OpenAI has broadly released its GPT-5.6 Sol, Terra, and Luna models following an initial limited launch, according to CEO Sam Altman.

This update targets the high cost and complexity of agentic coding, which allows AI to operate more autonomously. By reducing the number of tokens required to complete complex programming tasks, OpenAI aims to lower operational costs for enterprises and improve the overall safety of AI-generated code.

During an interview with CNBC, Altman said the GPT-5.6 Sol model is 54% [1] more token-efficient on agentic coding tasks compared to rival models. This efficiency allows the system to process and generate code using fewer computational resources, a critical factor for companies scaling AI integration into their software development pipelines.

Altman said the company released the three new models—Sol, Terra, and Luna—broadly on Thursday [2]. The rollout follows a period of limited availability where the models were tested in controlled environments to ensure stability and performance.

The push for token efficiency is part of a broader strategy to make large language models more sustainable. As AI agents take on more complex, multi-step coding projects, the volume of data processed can grow exponentially, leading to higher latency and increased spending for the end user.

By optimizing the Sol model specifically for agentic tasks, OpenAI is positioning its latest release as a tool for high-efficiency engineering. The company intends for these improvements to streamline how developers interact with AI, reducing the overhead associated with long-form code generation and iterative debugging.

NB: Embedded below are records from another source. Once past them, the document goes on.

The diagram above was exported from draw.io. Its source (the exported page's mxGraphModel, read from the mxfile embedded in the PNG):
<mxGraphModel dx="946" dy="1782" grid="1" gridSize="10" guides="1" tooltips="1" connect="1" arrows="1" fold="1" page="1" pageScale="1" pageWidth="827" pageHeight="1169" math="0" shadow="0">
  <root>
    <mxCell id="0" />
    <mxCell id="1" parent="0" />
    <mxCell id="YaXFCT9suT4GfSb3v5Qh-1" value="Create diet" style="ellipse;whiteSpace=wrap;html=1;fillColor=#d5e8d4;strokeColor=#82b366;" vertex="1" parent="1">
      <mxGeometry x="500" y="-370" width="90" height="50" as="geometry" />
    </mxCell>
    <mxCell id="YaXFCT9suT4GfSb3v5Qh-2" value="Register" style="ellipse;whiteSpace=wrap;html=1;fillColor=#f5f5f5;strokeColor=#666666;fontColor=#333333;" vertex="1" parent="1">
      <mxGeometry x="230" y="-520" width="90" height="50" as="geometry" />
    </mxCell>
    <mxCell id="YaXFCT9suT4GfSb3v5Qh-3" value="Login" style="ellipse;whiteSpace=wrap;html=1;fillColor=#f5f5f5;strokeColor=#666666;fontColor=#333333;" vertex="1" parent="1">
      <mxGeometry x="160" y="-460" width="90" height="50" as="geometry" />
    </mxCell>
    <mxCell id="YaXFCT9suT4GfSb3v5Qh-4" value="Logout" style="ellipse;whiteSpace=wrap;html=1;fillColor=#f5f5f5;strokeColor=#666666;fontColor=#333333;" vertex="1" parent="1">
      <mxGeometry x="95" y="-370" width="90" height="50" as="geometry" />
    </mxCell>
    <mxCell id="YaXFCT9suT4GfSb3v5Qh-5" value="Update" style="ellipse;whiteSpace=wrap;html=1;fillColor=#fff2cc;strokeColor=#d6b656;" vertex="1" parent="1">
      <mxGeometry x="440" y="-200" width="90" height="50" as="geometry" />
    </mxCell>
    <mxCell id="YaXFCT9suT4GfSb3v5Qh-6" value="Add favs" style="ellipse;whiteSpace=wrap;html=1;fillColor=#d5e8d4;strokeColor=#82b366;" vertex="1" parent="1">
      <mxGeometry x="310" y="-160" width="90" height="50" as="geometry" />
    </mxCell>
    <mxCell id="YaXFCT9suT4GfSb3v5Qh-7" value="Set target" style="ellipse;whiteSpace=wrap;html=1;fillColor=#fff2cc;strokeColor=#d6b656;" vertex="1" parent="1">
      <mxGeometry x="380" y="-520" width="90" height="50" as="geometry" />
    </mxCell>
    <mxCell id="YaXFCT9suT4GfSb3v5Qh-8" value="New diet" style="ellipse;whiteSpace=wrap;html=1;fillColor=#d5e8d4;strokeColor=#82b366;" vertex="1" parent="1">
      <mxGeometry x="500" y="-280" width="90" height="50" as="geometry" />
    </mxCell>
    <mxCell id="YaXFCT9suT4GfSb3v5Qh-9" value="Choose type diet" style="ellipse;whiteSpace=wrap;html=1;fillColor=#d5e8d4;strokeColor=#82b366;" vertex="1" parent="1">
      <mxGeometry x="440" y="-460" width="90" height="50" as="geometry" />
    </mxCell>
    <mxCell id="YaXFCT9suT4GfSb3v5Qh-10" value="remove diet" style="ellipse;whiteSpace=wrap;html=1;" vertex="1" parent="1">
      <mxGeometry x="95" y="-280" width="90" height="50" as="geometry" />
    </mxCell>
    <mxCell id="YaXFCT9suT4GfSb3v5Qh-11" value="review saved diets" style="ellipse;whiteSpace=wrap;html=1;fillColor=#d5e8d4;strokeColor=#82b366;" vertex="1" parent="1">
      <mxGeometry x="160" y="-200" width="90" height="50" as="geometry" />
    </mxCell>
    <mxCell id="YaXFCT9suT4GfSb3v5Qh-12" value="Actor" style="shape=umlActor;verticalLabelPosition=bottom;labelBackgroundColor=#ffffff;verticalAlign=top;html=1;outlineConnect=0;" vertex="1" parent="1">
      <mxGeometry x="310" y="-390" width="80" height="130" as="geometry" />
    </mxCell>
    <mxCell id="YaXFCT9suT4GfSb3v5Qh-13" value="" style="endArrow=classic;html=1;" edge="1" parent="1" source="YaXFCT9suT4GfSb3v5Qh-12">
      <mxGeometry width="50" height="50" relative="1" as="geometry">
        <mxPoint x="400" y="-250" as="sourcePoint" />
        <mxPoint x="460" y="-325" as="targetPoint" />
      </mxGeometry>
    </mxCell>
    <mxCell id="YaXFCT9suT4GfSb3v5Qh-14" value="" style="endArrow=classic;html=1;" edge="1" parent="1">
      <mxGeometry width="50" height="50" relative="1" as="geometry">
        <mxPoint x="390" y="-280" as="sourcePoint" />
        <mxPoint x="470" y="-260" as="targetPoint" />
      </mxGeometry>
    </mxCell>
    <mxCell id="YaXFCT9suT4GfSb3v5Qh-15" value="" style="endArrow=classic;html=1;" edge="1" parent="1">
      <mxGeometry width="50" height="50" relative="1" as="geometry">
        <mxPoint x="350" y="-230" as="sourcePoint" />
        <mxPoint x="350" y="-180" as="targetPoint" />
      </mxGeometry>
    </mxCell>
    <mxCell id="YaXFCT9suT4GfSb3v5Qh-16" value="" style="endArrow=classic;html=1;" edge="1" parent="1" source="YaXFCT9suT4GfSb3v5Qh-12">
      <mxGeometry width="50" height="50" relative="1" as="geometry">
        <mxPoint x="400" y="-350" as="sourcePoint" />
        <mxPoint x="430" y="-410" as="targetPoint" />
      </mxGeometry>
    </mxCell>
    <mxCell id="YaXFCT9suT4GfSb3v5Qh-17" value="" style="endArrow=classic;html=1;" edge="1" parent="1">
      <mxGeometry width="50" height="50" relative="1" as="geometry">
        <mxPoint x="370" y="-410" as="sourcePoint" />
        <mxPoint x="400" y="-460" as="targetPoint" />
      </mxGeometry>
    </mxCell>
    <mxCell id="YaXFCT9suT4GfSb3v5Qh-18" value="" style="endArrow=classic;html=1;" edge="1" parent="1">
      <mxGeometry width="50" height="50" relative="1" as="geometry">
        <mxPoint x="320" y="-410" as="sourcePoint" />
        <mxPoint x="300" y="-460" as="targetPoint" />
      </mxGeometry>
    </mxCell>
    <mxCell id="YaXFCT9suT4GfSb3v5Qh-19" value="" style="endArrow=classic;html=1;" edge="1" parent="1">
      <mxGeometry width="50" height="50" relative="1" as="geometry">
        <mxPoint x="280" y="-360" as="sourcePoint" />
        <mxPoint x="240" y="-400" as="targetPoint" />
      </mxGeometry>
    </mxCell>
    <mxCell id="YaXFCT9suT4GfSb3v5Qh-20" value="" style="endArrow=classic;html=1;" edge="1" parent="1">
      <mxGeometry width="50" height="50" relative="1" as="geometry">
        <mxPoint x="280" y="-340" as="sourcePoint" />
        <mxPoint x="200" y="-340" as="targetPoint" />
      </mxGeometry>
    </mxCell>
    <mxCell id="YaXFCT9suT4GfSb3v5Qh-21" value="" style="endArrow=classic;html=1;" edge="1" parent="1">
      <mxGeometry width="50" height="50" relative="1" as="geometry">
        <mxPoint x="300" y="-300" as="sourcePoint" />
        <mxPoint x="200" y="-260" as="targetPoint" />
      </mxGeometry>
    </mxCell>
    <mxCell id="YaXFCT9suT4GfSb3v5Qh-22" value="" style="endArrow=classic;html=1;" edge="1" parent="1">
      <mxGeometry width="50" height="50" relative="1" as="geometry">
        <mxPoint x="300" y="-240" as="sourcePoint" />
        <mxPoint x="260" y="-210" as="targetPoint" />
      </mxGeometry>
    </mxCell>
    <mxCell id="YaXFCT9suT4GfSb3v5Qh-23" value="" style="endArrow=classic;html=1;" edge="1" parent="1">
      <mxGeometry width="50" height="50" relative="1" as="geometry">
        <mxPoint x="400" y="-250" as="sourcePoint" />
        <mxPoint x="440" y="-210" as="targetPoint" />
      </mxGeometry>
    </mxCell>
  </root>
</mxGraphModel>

"GPT-5.6 Sol is 54% more token efficient on agentic coding tasks."

Increased token efficiency represents a shift from focusing solely on raw intelligence to optimizing the cost of intelligence. For the enterprise market, a 54% reduction in token usage for coding tasks can significantly lower the monthly API spend and reduce the carbon footprint of AI operations, making autonomous coding agents more commercially viable at scale.